Frequencies of lucene unigrams and bigrams
-
01-10-2019 - |
Question
i am storing in lucene index ngrams up to level 3. When I am reading the index and calculating scoring of terms and ngrams I am obtaining results like this
TERM FREQUENCY.... TFIDF
minority 25 16.512926
minority report 24 16.179296
report 27 13.559037
cruise 12 11.440491
tom cruise 7 8.737819
So, if we look at the example of "tom cruise", together as bigram it occurs 7 times. And from this we see that "cruise" occurs alone 5 times. So I dont want this duplication of frequency, because "cruise" alone has scored better than "tom cruise", which is not true, since it is contained inside.
Sorry if i explain bad i dont know how to call this type of scoring, if someone know to explain this technical words, please edit.
Thank you
Solution
I believe I answered a similar question you asked a while ago. IIUC, you want the more important terms to stand out, and you feel that "tom cruise" is more important than "cruise".

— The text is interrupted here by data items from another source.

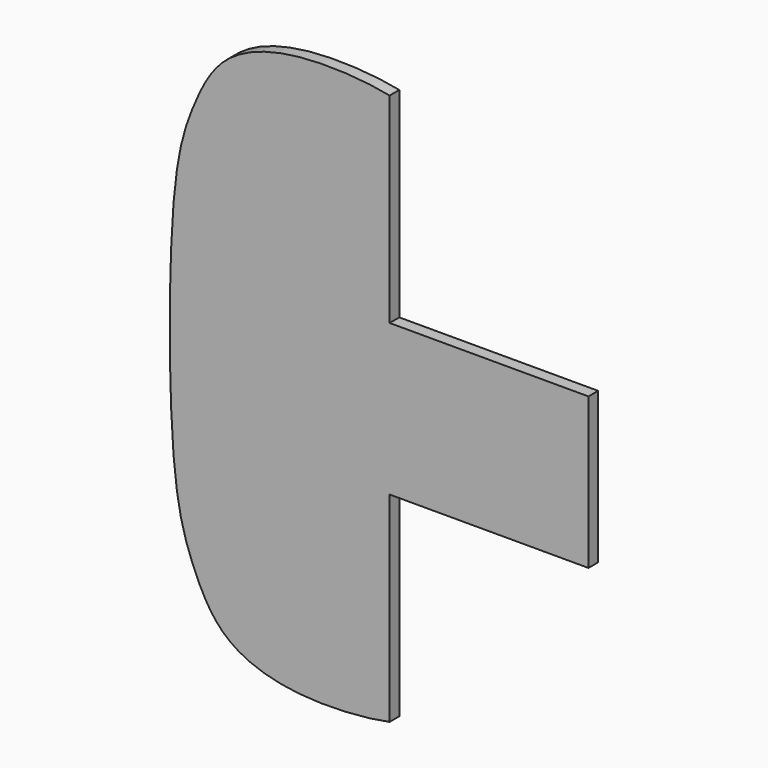
from build123d import *

# Parameters (mm, degrees)
F1_DEPTH = 18


# Not quite as in the source:
# - a feature of the source that left no trace in its solid (it failed there, or was rolled back) is left out


with BuildPart() as f1:
    # F0 (on Front) → F1 (new body)
    with BuildSketch(Plane.XZ):
        with BuildLine():
            Line((295, -217), (-326, -217))
            add(Edge.make_bspline(
                [(0, -626), (-31.9041572511, -632.8686919212), (-135.8624745728, -641.8458876021), (-249.8265846826, -605.2490014373), (-303.9460461433, -495.6098595325), (-325.4699671722, -417.4111427766), (-326, -217)],
                knots=[0, 0, 0, 0, 0.234743673, 0.4538776177, 0.6453771431, 1, 1, 1, 1], degree=3))
            Line((0, -626), (0, -329))
            Line((0, -329), (295, -329))
            Line((295, -329), (295, -217))
        make_face()
        with BuildLine():
            add(Edge.make_bspline(
                [(0, 192), (-31.9041572511, 198.8686919212), (-135.8624745728, 207.8458876021), (-249.8265846826, 171.2490014373), (-303.9460461433, 61.6098595325), (-325.4699671722, -16.5888572234), (-326, -217)],
                knots=[0, 0, 0, 0, 0.234743673, 0.4538776177, 0.6453771431, 1, 1, 1, 1], degree=3))
            Line((-326, -217), (295, -217))
            Line((295, -217), (295, -105))
            Line((295, -105), (0, -105))
            Line((0, -105), (0, 192))
        make_face()
    extrude(amount=F1_DEPTH)


solid = f1.part
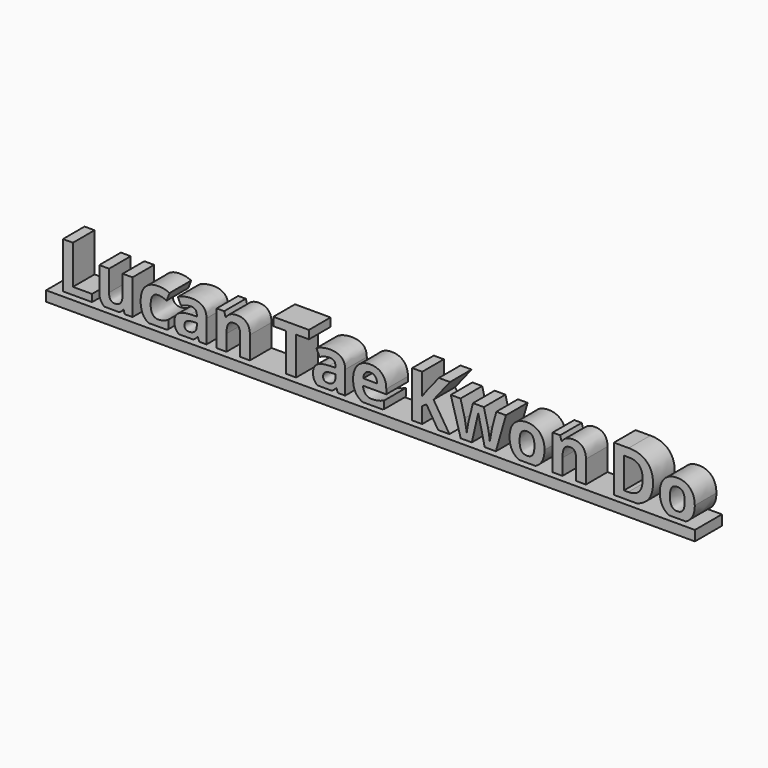
from build123d import *

# Parameters (mm, degrees)
F0_TEXT_SIZE = 9.7667544818
F1_DEPTH     = 4
F2_W         = 96
F2_H         = 1.5
F3_DEPTH     = 5


# Not quite as in the source:
# - Text() gives the source's letters only with a copy of the font that has no kerning and outlines rounded to 1/6400 em; it was checked with that copy


with BuildPart() as f1:
    # F0 (on Front) → F1 (new body)
    with BuildSketch(Plane.XZ):
        with Locations((-35.3357957374, 7.4166220276)):
            Text('Lucan Tae Kwon Do', F0_TEXT_SIZE, font='Open Sans', font_style=FontStyle.BOLD, text_align=(TextAlign.LEFT, TextAlign.BOTTOM))
    extrude(amount=F1_DEPTH)

    # F2 (on Front) → F3 (join)
    with BuildSketch(Plane.XZ):
        with Locations((11.8476489731, 6.8208258599)):
            Rectangle(F2_W, F2_H)
    extrude(amount=F3_DEPTH)


solid = f1.part

This looks like a problem in your model of the data. TFIDF seems to be wrong for what you want. You can try building a language model, as described in Peter Norvig's "Beautiful Data" chapter.
The gist is:
- Calculate a probability per each unigram, bigram and trigram (you will need smoothing or back-off as explained in the paper).
- Choose your terms by probability rather than TFIDF.
A Language Model Approach to Keyphrase Extraction seems to do similar stuff. Some alternatives are Kea (which uses TFIDF as one feature among several) and Peter Turney's Keyphrase extraction work.